The osm-taxonomy
tool enables the automatic generation of a lightweight and structured taxonomy for geographic features using OpenStreetMap (OSM) data. It leverages innovative algorithms and techniques to analyze OSM datasets and extract hierarchical relationships between tags, providing a comprehensive framework for categorizing and classifying various types of geospatial features. This tool streamlines the taxonomy construction process, addressing the limitations of unstructured tags, and offering a valuable resource for data organization, analysis, and understanding in the field of geospatial research.
pip install -e .
usage: generate_taxonomy.py [-h] --input INPUT [--output OUTPUT] [--threshold THRESHOLD] [--blacklist BLACKLIST]
Automatically construct a lightweight taxonomy for geographic features using OpenStreetMap (OSM) data.
optional arguments:
-h, --help show this help message and exit
--input INPUT OSM dump (xml) input filename.
--output OUTPUT Taxonomy tree (json) filename.
--threshold THRESHOLD
Minimum frequency threshold per tag.
--blacklist BLACKLIST
(txt) file with tags to ignore (one per line, as seen on OSM).
$ python generate_taxonomy.py --input data/osm_example.osm --threshold 10 --output example_tree.json --blacklist data/blacklist_example.txt
Loading additional terms to ignore (from file data/blacklist_example.txt)...
the following tags will be ignored: [...]
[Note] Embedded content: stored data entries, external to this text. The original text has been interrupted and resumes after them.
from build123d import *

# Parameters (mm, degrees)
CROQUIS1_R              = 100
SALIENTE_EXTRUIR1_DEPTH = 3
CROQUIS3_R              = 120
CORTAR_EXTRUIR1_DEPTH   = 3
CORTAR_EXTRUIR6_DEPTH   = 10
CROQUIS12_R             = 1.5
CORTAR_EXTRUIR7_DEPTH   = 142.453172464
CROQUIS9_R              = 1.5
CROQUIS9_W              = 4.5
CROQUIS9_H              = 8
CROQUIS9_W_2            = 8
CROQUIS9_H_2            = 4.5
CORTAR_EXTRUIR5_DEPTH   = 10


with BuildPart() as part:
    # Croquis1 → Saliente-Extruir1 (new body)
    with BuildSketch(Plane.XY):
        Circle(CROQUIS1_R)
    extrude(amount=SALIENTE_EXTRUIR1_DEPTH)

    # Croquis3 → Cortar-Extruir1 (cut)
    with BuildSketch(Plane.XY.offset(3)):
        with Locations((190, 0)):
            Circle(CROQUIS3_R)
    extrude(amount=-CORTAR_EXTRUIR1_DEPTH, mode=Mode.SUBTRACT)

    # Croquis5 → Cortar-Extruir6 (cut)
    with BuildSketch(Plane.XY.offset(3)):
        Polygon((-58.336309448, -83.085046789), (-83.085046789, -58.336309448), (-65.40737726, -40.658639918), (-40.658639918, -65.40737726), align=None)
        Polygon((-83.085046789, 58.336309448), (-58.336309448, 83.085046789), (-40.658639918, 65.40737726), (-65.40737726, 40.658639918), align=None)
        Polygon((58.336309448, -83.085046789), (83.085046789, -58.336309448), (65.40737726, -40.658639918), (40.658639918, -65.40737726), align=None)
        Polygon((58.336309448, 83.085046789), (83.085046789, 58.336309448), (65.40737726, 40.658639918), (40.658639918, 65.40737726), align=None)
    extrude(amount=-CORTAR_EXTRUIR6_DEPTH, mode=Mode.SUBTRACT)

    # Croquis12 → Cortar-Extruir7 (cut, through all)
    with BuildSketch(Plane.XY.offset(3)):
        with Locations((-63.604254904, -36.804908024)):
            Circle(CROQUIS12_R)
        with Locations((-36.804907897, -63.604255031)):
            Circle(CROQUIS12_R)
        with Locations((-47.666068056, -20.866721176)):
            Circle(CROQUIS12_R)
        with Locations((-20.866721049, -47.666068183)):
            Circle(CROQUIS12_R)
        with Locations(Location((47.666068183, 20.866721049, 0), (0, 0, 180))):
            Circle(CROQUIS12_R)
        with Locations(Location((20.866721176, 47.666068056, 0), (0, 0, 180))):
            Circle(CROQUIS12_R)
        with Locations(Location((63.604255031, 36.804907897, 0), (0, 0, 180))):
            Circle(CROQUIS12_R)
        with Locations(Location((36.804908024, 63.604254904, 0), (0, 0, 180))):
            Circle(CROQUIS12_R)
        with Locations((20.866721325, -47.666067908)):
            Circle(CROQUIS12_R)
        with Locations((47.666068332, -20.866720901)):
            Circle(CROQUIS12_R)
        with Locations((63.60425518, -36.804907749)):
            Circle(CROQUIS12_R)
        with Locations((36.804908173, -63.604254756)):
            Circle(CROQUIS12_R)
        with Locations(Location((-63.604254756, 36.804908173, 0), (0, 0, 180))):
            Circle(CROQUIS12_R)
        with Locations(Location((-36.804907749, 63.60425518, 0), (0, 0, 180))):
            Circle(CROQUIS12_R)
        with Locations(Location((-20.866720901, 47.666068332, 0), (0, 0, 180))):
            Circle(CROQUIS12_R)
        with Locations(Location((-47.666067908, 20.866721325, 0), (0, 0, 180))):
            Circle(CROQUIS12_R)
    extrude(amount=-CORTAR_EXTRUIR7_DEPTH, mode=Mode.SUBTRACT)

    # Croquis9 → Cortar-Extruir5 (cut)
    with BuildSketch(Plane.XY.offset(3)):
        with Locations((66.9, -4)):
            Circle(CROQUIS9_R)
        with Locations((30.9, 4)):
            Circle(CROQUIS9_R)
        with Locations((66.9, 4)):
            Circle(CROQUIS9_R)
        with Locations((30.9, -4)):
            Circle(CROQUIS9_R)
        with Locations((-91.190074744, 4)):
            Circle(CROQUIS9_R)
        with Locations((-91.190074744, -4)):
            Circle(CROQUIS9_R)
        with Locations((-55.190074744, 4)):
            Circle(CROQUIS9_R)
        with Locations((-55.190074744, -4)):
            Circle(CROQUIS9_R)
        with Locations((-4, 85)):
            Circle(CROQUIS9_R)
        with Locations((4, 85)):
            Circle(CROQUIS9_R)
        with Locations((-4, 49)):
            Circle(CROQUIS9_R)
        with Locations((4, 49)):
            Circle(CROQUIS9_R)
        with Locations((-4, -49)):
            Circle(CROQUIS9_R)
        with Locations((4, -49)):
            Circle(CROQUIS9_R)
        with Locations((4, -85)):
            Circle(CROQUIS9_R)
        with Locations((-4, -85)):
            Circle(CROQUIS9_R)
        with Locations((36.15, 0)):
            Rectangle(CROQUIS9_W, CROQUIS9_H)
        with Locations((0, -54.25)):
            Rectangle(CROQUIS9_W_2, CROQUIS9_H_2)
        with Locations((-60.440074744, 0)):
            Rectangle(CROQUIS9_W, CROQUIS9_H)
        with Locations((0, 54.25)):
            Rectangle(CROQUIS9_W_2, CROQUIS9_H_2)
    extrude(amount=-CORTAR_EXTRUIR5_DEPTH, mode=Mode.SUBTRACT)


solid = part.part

Loading OSM (xml) file data/osm_example.osm...
100% |████████████████████████████████| 37.55MB/s eta 00:00:00
Setting minimum threshold=10...
100% |████████████████████████████████| 1865/1865 [00:00<00:00, 909367.24it/s]
Generating taxonomy tree...
node industrial --> [industrial__landuse (under landuse) & industrial__building (under building)]
removed node industrial
****************************************************************************************************
...
├── building
│ ├── house
│ └── industrial__building
├── highway
│ ├── residential
│ ├── service
│ │ ├── driveway
│ │ └── parking_aisle
├── landuse
│ └── industrial__landuse
├── natural
│ ├── coastline
│ └── tree
...
Saving to file: example_tree.json
If you would like to cite this work in a paper or a presentation, the following is recommended (BibTeX entry):
@inproceedings{shbita2024automatically,
title={Automatically Constructing Geospatial Feature Taxonomies from OpenStreetMap Data},
author={Shbita, Basel and Knoblock, Craig A},
booktitle={2024 IEEE 18th International Conference on Semantic Computing (ICSC)},
pages={208--211},
year={2024},
organization={IEEE}
}
This repository is licensed under the MIT License.
This repository includes the following files:
data/osm_example.osm
: example OpenStreetMap (OSM) dump file.data/blacklist_example.txt
: example text file with terms you can use that can be ignored.data/california_taxonomy.202303.txt
: Textual representation of the taxonomy generated from the California.osm
dump from March 2023 (based on approximately 10 million tagged instances).data/greece_taxonomy.202303.txt
: Textual representation of the taxonomy generated from the Greece.osm
snapshot from March 2023 (based on approximately 2 million tagged instances).